It’s important to understand how you can protect your business when importing goods from overseas. If you are purchasing goods from overseas to sell to local customers, you need to make sure the goods are tested to ensure they are of acceptable quality. You also need to ensure that the overseas supplier or manufacturer is held accountable if the goods are of poor quality and that your business has some financial recourse.
This article will look at the legal and commercial implications for Australian businesses that buy goods from overseas.
Author: Farrah Motley, a commercial lawyer with experience in writing international supply agreements and helping Australian businesses to reduce legal risk.
The Commercial Benefits of Importing Goods
Buying goods from overseas and importing them into Australia can be beneficial for local businesses. The benefits of importing goods include:
Some goods are cheaper to manufacture overseas than they are to manufacture locally in Australia. Your costs to buy the goods from the manufacturer, exchange rates and any import duties, levies or local taxes, may still make it commercially beneficial for your business to buy internationally.
Many Australian businesses discover that importing products is more affordable than producing them locally. What’s more, usually large orders attract better discounts and this also serves to minimise costs.
2. Access to different products
Consumers like ‘new’. By offering your customers new products from other countries, you may be able to differentiate your product offering from that of your competitors.
Australian businesses may find it appealing to purchase products produced in countries like China, import them into Australia and introduce them to Australian consumers.
Your Business’s Legal Status as an Importer
Under Australian law, a manufacturer is not just the business that actually manufacturers goods. The definition of manufacturer is much broader and includes a person (or business) who:
The Australian Consumer Law defines a manufacturer to include a person who:
- grows, extracts, produces, processes or assembles goods;
- holds themselves out to the public as the manufacturer of goods;
- uses their own brand or name in relation to the goods; or
- permits others to use their own brand or name in relation to the goods.
Importantly, the Australian Consumer Law also ‘deems’ a business to be a manufacturer if they import goods into Australia and at the time they import the goods, the actual (overseas) manufacturer does not have a place of business in Australia.
The implications for your business being deemed to be a manufacturer are that:
- a consumer can sue you for breaching the Australian Consumer Law if the product(s) fail to meet the consumer guarantees; and
- a reseller has remedies against you for breaching the Australian Consumer Law plus under the relevant supply agreement.
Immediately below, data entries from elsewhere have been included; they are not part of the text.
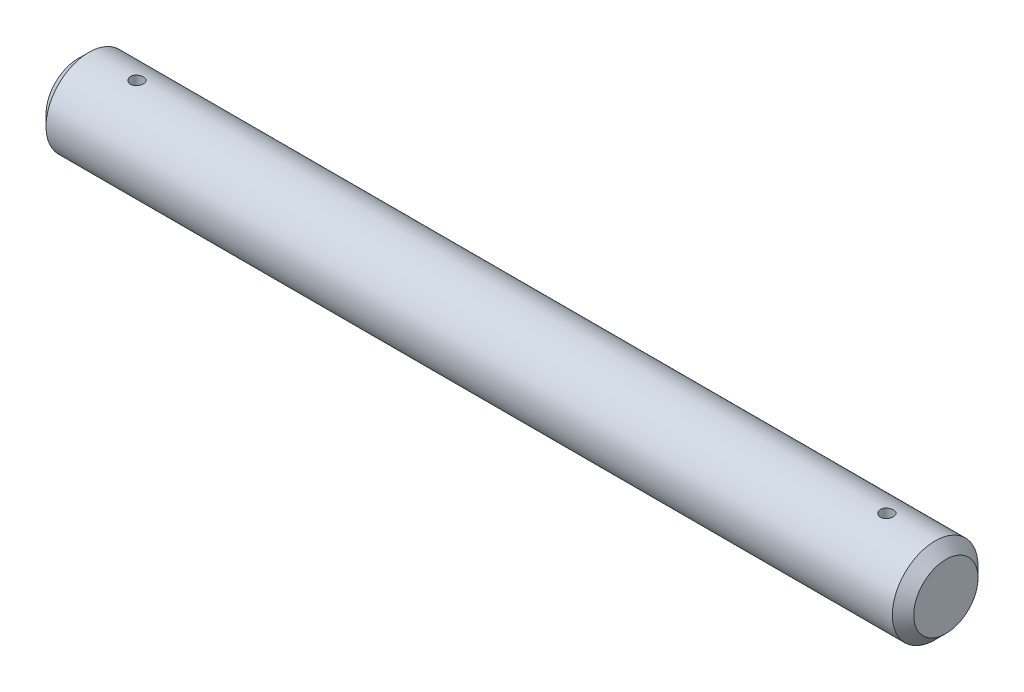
ISO-10303-21;
HEADER;
FILE_DESCRIPTION(('STEP AP214'),'2;1');
FILE_NAME('part.step','',(''),(''),'','','');
FILE_SCHEMA(('AUTOMOTIVE_DESIGN { 1 0 10303 214 1 1 1 1 }'));
ENDSEC;
DATA;
#1=APPLICATION_CONTEXT('core data for automotive mechanical design processes');
#2=APPLICATION_PROTOCOL_DEFINITION('international standard','automotive_design',2000,#1);
#3=PRODUCT_CONTEXT('',#1,'mechanical');
#4=PRODUCT('Part','Part','',(#3));
#5=PRODUCT_RELATED_PRODUCT_CATEGORY('part','',(#4));
#6=PRODUCT_DEFINITION_FORMATION('','',#4);
#7=PRODUCT_DEFINITION_CONTEXT('part definition',#1,'design');
#8=PRODUCT_DEFINITION('design','',#6,#7);
#9=PRODUCT_DEFINITION_SHAPE('','',#8);
#10=(LENGTH_UNIT() NAMED_UNIT(*) SI_UNIT(.MILLI.,.METRE.));
#11=(NAMED_UNIT(*) PLANE_ANGLE_UNIT() SI_UNIT($,.RADIAN.));
#12=(NAMED_UNIT(*) SI_UNIT($,.STERADIAN.) SOLID_ANGLE_UNIT());
#13=UNCERTAINTY_MEASURE_WITH_UNIT(LENGTH_MEASURE(1.E-05),#10,'distance_accuracy_value','');
#14=(GEOMETRIC_REPRESENTATION_CONTEXT(3) GLOBAL_UNCERTAINTY_ASSIGNED_CONTEXT((#13)) GLOBAL_UNIT_ASSIGNED_CONTEXT((#10,
#11,#12)) REPRESENTATION_CONTEXT('',''));
#15=CARTESIAN_POINT('',(0.,0.,0.));
#16=DIRECTION('',(0.,0.,1.));
#17=DIRECTION('',(1.,0.,0.));
#18=AXIS2_PLACEMENT_3D('',#15,#16,#17);
#19=CARTESIAN_POINT('',(40.5,0.,0.));
#20=DIRECTION('',(-1.,0.,0.));
#21=DIRECTION('',(0.,0.,1.));
#22=AXIS2_PLACEMENT_3D('',#19,#20,#21);
#23=CYLINDRICAL_SURFACE('',#22,4.);
#24=CARTESIAN_POINT('',(35.,-3.95474398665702,0.599999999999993));
#25=CARTESIAN_POINT('',(35.033498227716,-3.95474454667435,0.599998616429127));
#26=CARTESIAN_POINT('',(35.0670159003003,-3.9551742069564,0.597185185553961));
#27=CARTESIAN_POINT('',(35.1331141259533,-3.95684525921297,0.586008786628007));
#28=CARTESIAN_POINT('',(35.165693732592,-3.95808744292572,0.577640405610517));
#29=CARTESIAN_POINT('',(35.2289495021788,-3.96123975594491,0.555610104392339));
#30=CARTESIAN_POINT('',(35.2596271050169,-3.96314937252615,0.541952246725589));
#31=CARTESIAN_POINT('',(35.3182508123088,-3.96742077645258,0.509740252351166));
#32=CARTESIAN_POINT('',(35.3461972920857,-3.96978250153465,0.491186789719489));
#33=CARTESIAN_POINT('',(35.3987935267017,-3.97471315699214,0.449551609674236));
#34=CARTESIAN_POINT('',(35.4234182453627,-3.97728344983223,0.426438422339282));
#35=CARTESIAN_POINT('',(35.4684549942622,-3.98232947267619,0.376407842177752));
#36=CARTESIAN_POINT('',(35.4888667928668,-3.98480519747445,0.349490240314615));
#37=CARTESIAN_POINT('',(35.5249906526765,-3.98939738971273,0.292454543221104));
#38=CARTESIAN_POINT('',(35.540679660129,-3.99151207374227,0.262321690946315));
#39=CARTESIAN_POINT('',(35.5667646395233,-3.99512882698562,0.1998115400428));
#40=CARTESIAN_POINT('',(35.5771608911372,-3.99663092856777,0.16743436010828));
#41=CARTESIAN_POINT('',(35.5922893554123,-3.99884365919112,0.101612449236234));
#42=CARTESIAN_POINT('',(35.5970634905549,-3.99956014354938,0.0681775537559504));
#43=CARTESIAN_POINT('',(35.60094237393,-4.00014097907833,0.000974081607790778));
#44=CARTESIAN_POINT('',(35.6000474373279,-4.00000537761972,-0.0327944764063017));
#45=CARTESIAN_POINT('',(35.592646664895,-3.99890199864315,-0.0994206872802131));
#46=CARTESIAN_POINT('',(35.5861859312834,-3.99794091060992,-0.132283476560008));
#47=CARTESIAN_POINT('',(35.567907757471,-3.9953020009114,-0.196453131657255));
#48=CARTESIAN_POINT('',(35.5560901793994,-3.99362416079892,-0.227759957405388));
#49=CARTESIAN_POINT('',(35.5273876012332,-3.98972877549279,-0.288065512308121));
#50=CARTESIAN_POINT('',(35.5104836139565,-3.98750921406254,-0.317055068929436));
#51=CARTESIAN_POINT('',(35.472101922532,-3.9827777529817,-0.37180316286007));
#52=CARTESIAN_POINT('',(35.4506239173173,-3.98026583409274,-0.39756148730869));
#53=CARTESIAN_POINT('',(35.4034526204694,-3.97520063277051,-0.445381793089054));
#54=CARTESIAN_POINT('',(35.377719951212,-3.97264718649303,-0.467404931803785));
#55=CARTESIAN_POINT('',(35.3229035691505,-3.96781081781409,-0.506826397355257));
#56=CARTESIAN_POINT('',(35.293819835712,-3.96552789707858,-0.524224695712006));
#57=CARTESIAN_POINT('',(35.2330864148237,-3.96149110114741,-0.553907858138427));
#58=CARTESIAN_POINT('',(35.201434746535,-3.95973763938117,-0.566188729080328));
#59=CARTESIAN_POINT('',(35.136485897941,-3.95696561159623,-0.585249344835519));
#60=CARTESIAN_POINT('',(35.1031888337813,-3.95594699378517,-0.592029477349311));
#61=CARTESIAN_POINT('',(35.036239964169,-3.95476980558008,-0.599842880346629));
#62=CARTESIAN_POINT('',(35.0025947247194,-3.9546029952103,-0.60093121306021));
#63=CARTESIAN_POINT('',(34.9356023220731,-3.95512643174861,-0.597476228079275));
#64=CARTESIAN_POINT('',(34.9022551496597,-3.95581665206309,-0.592933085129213));
#65=CARTESIAN_POINT('',(34.8369760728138,-3.95796880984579,-0.578390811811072));
#66=CARTESIAN_POINT('',(34.8050379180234,-3.95942686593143,-0.568419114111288));
#67=CARTESIAN_POINT('',(34.7432863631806,-3.96294720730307,-0.543331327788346));
#68=CARTESIAN_POINT('',(34.7134730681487,-3.9650095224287,-0.528214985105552));
#69=CARTESIAN_POINT('',(34.656570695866,-3.96952542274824,-0.493134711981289));
#70=CARTESIAN_POINT('',(34.6295038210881,-3.97198183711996,-0.473135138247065));
#71=CARTESIAN_POINT('',(34.5790908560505,-3.97700063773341,-0.428905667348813));
#72=CARTESIAN_POINT('',(34.5557449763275,-3.97956302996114,-0.404675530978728));
#73=CARTESIAN_POINT('',(34.5132389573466,-3.98453082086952,-0.352430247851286));
#74=CARTESIAN_POINT('',(34.494115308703,-3.98693473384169,-0.324385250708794));
#75=CARTESIAN_POINT('',(34.460850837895,-3.99129162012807,-0.26544883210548));
#76=CARTESIAN_POINT('',(34.446709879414,-3.99324460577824,-0.23455748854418));
#77=CARTESIAN_POINT('',(34.4238705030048,-3.99647307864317,-0.170919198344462));
#78=CARTESIAN_POINT('',(34.4151521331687,-3.99775104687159,-0.138179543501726));
#79=CARTESIAN_POINT('',(34.403340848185,-3.99949590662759,-0.0716803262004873));
#80=CARTESIAN_POINT('',(34.4002475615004,-3.9999628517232,-0.0379208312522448));
#81=CARTESIAN_POINT('',(34.3997833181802,-4.00003251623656,0.0293058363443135));
#82=CARTESIAN_POINT('',(34.4023565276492,-3.99964366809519,0.0627726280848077));
#83=CARTESIAN_POINT('',(34.4130325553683,-3.99806244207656,0.12879191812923));
#84=CARTESIAN_POINT('',(34.4211353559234,-3.99687006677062,0.161344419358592));
#85=CARTESIAN_POINT('',(34.4426207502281,-3.99381514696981,0.224595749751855));
#86=CARTESIAN_POINT('',(34.4559994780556,-3.99195309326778,0.255295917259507));
#87=CARTESIAN_POINT('',(34.4876509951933,-3.98776333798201,0.314024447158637));
#88=CARTESIAN_POINT('',(34.5059239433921,-3.98543562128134,0.342052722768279));
#89=CARTESIAN_POINT('',(34.5470470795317,-3.9805460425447,0.394925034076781));
#90=CARTESIAN_POINT('',(34.5699384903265,-3.97798219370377,0.419736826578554));
#91=CARTESIAN_POINT('',(34.6195620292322,-3.972924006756,0.46518723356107));
#92=CARTESIAN_POINT('',(34.6462950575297,-3.97042968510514,0.485824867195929));
#93=CARTESIAN_POINT('',(34.703019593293,-3.96577793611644,0.522445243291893));
#94=CARTESIAN_POINT('',(34.7330285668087,-3.96362248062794,0.538401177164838));
#95=CARTESIAN_POINT('',(34.7953187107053,-3.9599156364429,0.565022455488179));
#96=CARTESIAN_POINT('',(34.8275974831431,-3.95836362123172,0.575693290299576));
#97=CARTESIAN_POINT('',(34.8833509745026,-3.9563979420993,0.589019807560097));
#98=CARTESIAN_POINT('',(34.9064813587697,-3.95578099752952,0.593131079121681));
#99=CARTESIAN_POINT('',(34.9530713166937,-3.95495382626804,0.598621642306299));
#100=CARTESIAN_POINT('',(34.9765308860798,-3.95474359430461,0.600000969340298));
#101=CARTESIAN_POINT('',(35.,-3.95474398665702,0.599999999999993));
#102=B_SPLINE_CURVE_WITH_KNOTS('',3,(#24,#25,#26,#27,#28,#29,#30,#31,#32,#33,#34,#35,#36,#37,
#38,#39,#40,#41,#42,#43,#44,#45,#46,#47,#48,#49,#50,#51,#52,#53,#54,#55,#56,#57,#58,#59,#60,#61,
#62,#63,#64,#65,#66,#67,#68,#69,#70,#71,#72,#73,#74,#75,#76,#77,#78,#79,#80,#81,#82,#83,#84,#85,
#86,#87,#88,#89,#90,#91,#92,#93,#94,#95,#96,#97,#98,#99,#100,#101),.UNSPECIFIED.,.T.,.F.,(4,2,2,
2,2,2,2,2,2,2,2,2,2,2,2,2,2,2,2,2,2,2,2,2,2,2,2,2,2,2,2,2,2,2,2,2,2,2,4),(0.,0.100408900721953,
0.20091578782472,0.301345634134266,0.401761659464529,0.502896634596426,0.604037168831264,
0.705663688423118,0.807284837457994,0.908143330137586,1.0089962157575,1.10903945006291,
1.2090852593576,1.30950926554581,1.40993988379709,1.51135817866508,1.61277709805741,
1.71427500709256,1.81576576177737,1.91627285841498,2.01677683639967,2.11677757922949,
2.21678326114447,2.3175419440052,2.4183063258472,2.51991015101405,2.62151119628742,
2.72273616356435,2.82395444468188,2.92417985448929,3.02440494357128,3.12455672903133,
3.22471176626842,3.32580380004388,3.42691956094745,3.52860351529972,3.63018161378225,
3.70052976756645,3.77087700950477),.UNSPECIFIED.);
#103=CARTESIAN_POINT('',(35.,-3.95474398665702,0.599999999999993));
#104=VERTEX_POINT('',#103);
#105=EDGE_CURVE('E37',#104,#104,#102,.T.);
#106=ORIENTED_EDGE('',*,*,#105,.T.);
#107=EDGE_LOOP('',(#106));
#108=FACE_BOUND('',#107,.T.);
#109=CARTESIAN_POINT('',(35.,3.95474398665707,0.599999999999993));
#110=CARTESIAN_POINT('',(34.966501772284,3.95474454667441,0.599998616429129));
#111=CARTESIAN_POINT('',(34.9329840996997,3.95517420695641,0.597185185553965));
#112=CARTESIAN_POINT('',(34.8668858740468,3.95684525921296,0.58600878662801));
#113=CARTESIAN_POINT('',(34.834306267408,3.95808744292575,0.577640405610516));
#114=CARTESIAN_POINT('',(34.7710504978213,3.96123975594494,0.55561010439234));
#115=CARTESIAN_POINT('',(34.7403728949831,3.96314937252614,0.541952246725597));
#116=CARTESIAN_POINT('',(34.6817491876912,3.96742077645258,0.509740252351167));
#117=CARTESIAN_POINT('',(34.6538027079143,3.9697825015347,0.491186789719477));
#118=CARTESIAN_POINT('',(34.6012064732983,3.97471315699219,0.449551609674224));
#119=CARTESIAN_POINT('',(34.5765817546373,3.97728344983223,0.426438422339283));
#120=CARTESIAN_POINT('',(34.5315450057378,3.98232947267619,0.376407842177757));
#121=CARTESIAN_POINT('',(34.5111332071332,3.9848051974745,0.349490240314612));
#122=CARTESIAN_POINT('',(34.4750093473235,3.98939738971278,0.292454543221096));
#123=CARTESIAN_POINT('',(34.459320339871,3.99151207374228,0.26232169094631));
#124=CARTESIAN_POINT('',(34.4332353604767,3.99512882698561,0.199811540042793));
#125=CARTESIAN_POINT('',(34.4228391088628,3.9966309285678,0.16743436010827));
#126=CARTESIAN_POINT('',(34.4077106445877,3.99884365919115,0.101612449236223));
#127=CARTESIAN_POINT('',(34.4029365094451,3.99956014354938,0.0681775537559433));
#128=CARTESIAN_POINT('',(34.39905762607,4.00014097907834,0.000974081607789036));
#129=CARTESIAN_POINT('',(34.3999525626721,4.00000537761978,-0.0327944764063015));
#130=CARTESIAN_POINT('',(34.407353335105,3.99890199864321,-0.0994206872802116));
#131=CARTESIAN_POINT('',(34.4138140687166,3.99794091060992,-0.132283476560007));
#132=CARTESIAN_POINT('',(34.432092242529,3.9953020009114,-0.196453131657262));
#133=CARTESIAN_POINT('',(34.4439098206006,3.99362416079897,-0.227759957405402));
#134=CARTESIAN_POINT('',(34.4726123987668,3.98972877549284,-0.288065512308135));
#135=CARTESIAN_POINT('',(34.4895163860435,3.98750921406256,-0.317055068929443));
#136=CARTESIAN_POINT('',(34.527898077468,3.98277775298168,-0.371803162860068));
#137=CARTESIAN_POINT('',(34.5493760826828,3.98026583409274,-0.397561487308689));
#138=CARTESIAN_POINT('',(34.5965473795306,3.97520063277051,-0.445381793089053));
#139=CARTESIAN_POINT('',(34.622280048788,3.97264718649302,-0.467404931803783));
#140=CARTESIAN_POINT('',(34.6770964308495,3.9678108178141,-0.506826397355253));
#141=CARTESIAN_POINT('',(34.706180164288,3.96552789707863,-0.524224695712));
#142=CARTESIAN_POINT('',(34.7669135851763,3.96149110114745,-0.553907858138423));
#143=CARTESIAN_POINT('',(34.798565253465,3.95973763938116,-0.566188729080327));
#144=CARTESIAN_POINT('',(34.863514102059,3.95696561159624,-0.585249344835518));
#145=CARTESIAN_POINT('',(34.8968111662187,3.95594699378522,-0.59202947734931));
#146=CARTESIAN_POINT('',(34.963760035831,3.95476980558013,-0.599842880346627));
#147=CARTESIAN_POINT('',(34.9974052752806,3.9546029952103,-0.600931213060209));
#148=CARTESIAN_POINT('',(35.0643976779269,3.95512643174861,-0.597476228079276));
#149=CARTESIAN_POINT('',(35.0977448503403,3.95581665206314,-0.592933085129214));
#150=CARTESIAN_POINT('',(35.1630239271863,3.95796880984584,-0.57839081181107));
#151=CARTESIAN_POINT('',(35.1949620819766,3.95942686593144,-0.568419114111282));
#152=CARTESIAN_POINT('',(35.2567136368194,3.96294720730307,-0.543331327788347));
#153=CARTESIAN_POINT('',(35.2865269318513,3.96500952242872,-0.528214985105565));
#154=CARTESIAN_POINT('',(35.343429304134,3.96952542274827,-0.493134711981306));
#155=CARTESIAN_POINT('',(35.3704961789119,3.97198183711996,-0.47313513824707));
#156=CARTESIAN_POINT('',(35.4209091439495,3.97700063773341,-0.428905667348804));
#157=CARTESIAN_POINT('',(35.4442550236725,3.97956302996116,-0.404675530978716));
#158=CARTESIAN_POINT('',(35.4867610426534,3.98453082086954,-0.352430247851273));
#159=CARTESIAN_POINT('',(35.505884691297,3.98693473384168,-0.324385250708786));
#160=CARTESIAN_POINT('',(35.5391491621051,3.99129162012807,-0.265448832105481));
#161=CARTESIAN_POINT('',(35.553290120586,3.99324460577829,-0.234557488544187));
#162=CARTESIAN_POINT('',(35.5761294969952,3.99647307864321,-0.17091919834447));
#163=CARTESIAN_POINT('',(35.5848478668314,3.9977510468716,-0.138179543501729));
#164=CARTESIAN_POINT('',(35.596659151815,3.99949590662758,-0.0716803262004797));
#165=CARTESIAN_POINT('',(35.5997524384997,3.99996285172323,-0.0379208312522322));
#166=CARTESIAN_POINT('',(35.6002166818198,4.0000325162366,0.0293058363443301));
#167=CARTESIAN_POINT('',(35.5976434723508,3.99964366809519,0.0627726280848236));
#168=CARTESIAN_POINT('',(35.5869674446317,3.99806244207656,0.128791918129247));
#169=CARTESIAN_POINT('',(35.5788646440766,3.99687006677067,0.161344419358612));
#170=CARTESIAN_POINT('',(35.5573792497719,3.99381514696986,0.224595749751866));
#171=CARTESIAN_POINT('',(35.5440005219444,3.99195309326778,0.255295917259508));
#172=CARTESIAN_POINT('',(35.5123490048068,3.987763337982,0.314024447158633));
#173=CARTESIAN_POINT('',(35.4940760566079,3.98543562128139,0.342052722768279));
#174=CARTESIAN_POINT('',(35.4529529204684,3.98054604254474,0.394925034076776));
#175=CARTESIAN_POINT('',(35.4300615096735,3.97798219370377,0.419736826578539));
#176=CARTESIAN_POINT('',(35.3804379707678,3.972924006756,0.465187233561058));
#177=CARTESIAN_POINT('',(35.3537049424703,3.9704296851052,0.485824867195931));
#178=CARTESIAN_POINT('',(35.296980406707,3.9657779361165,0.522445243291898));
#179=CARTESIAN_POINT('',(35.2669714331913,3.96362248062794,0.538401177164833));
#180=CARTESIAN_POINT('',(35.2046812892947,3.95991563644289,0.565022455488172));
#181=CARTESIAN_POINT('',(35.1724025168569,3.95836362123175,0.57569329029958));
#182=CARTESIAN_POINT('',(35.1166490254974,3.95639794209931,0.5890198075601));
#183=CARTESIAN_POINT('',(35.0935186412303,3.95578099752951,0.59313107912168));
#184=CARTESIAN_POINT('',(35.0469286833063,3.95495382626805,0.598621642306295));
#185=CARTESIAN_POINT('',(35.0234691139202,3.95474359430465,0.600000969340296));
#186=CARTESIAN_POINT('',(35.,3.95474398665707,0.599999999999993));
#187=B_SPLINE_CURVE_WITH_KNOTS('',3,(#109,#110,#111,#112,#113,#114,#115,#116,#117,#118,#119,
#120,#121,#122,#123,#124,#125,#126,#127,#128,#129,#130,#131,#132,#133,#134,#135,#136,#137,#138,
#139,#140,#141,#142,#143,#144,#145,#146,#147,#148,#149,#150,#151,#152,#153,#154,#155,#156,#157,
#158,#159,#160,#161,#162,#163,#164,#165,#166,#167,#168,#169,#170,#171,#172,#173,#174,#175,#176,
#177,#178,#179,#180,#181,#182,#183,#184,#185,#186),.UNSPECIFIED.,.T.,.F.,(4,2,2,2,2,2,2,2,2,2,2,
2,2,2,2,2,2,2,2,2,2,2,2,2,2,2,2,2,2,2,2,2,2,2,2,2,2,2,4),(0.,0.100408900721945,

Use of Trade Marks and Other Intellectual Property
When it comes to importing goods that have been manufactured outside of Australia, there are two scenarios:
- the design of the goods belongs to your business and the overseas manufacturer makes them (these are also known as ‘private label’ goods); and
- the design and the goods themselves have been produced overseas.
This distinction becomes important when we assess intellectual property rights, including the use of trademarks, and the risks and benefits involved in importing overseas goods.
Private label goods and intellectual property
Private label products refer to products that a business sells, but arranges to be manufactured by someone else. The business that sells the products sells them under its own brand name (and that’s where the term ‘private label’ comes from)).
The business selling the private label products specifies the colour, quality, packaging, branding, marketing and price of the product. The only role of the manufacturer is to produce the goods as directed by the business that sells them.
Now that we understand what private label goods are, we can look at how intellectual property rights can be dealt with and the problems to try and avoid.
In order for overseas manufacturers to have the right to produce ‘your products’, they need the right to use any applicable trade marks, colours, dyes, branding, packaging design, patent, etc. Some of these aspects of the products may be intellectual property. If they are, the intellectual property that is owned by the private label owner needs to be licensed to the manufacturer. A licence doesn’t transfer ownership, but it enables the person receiving the benefit of the licence to use the intellectual property for a limited purpose.
If a private label owner doesn’t expressly authorise (for instance, through a written contract) a manufacturer to use the intellectual property, the manufacturer may nevertheless have an implied licence to use the intellectual property.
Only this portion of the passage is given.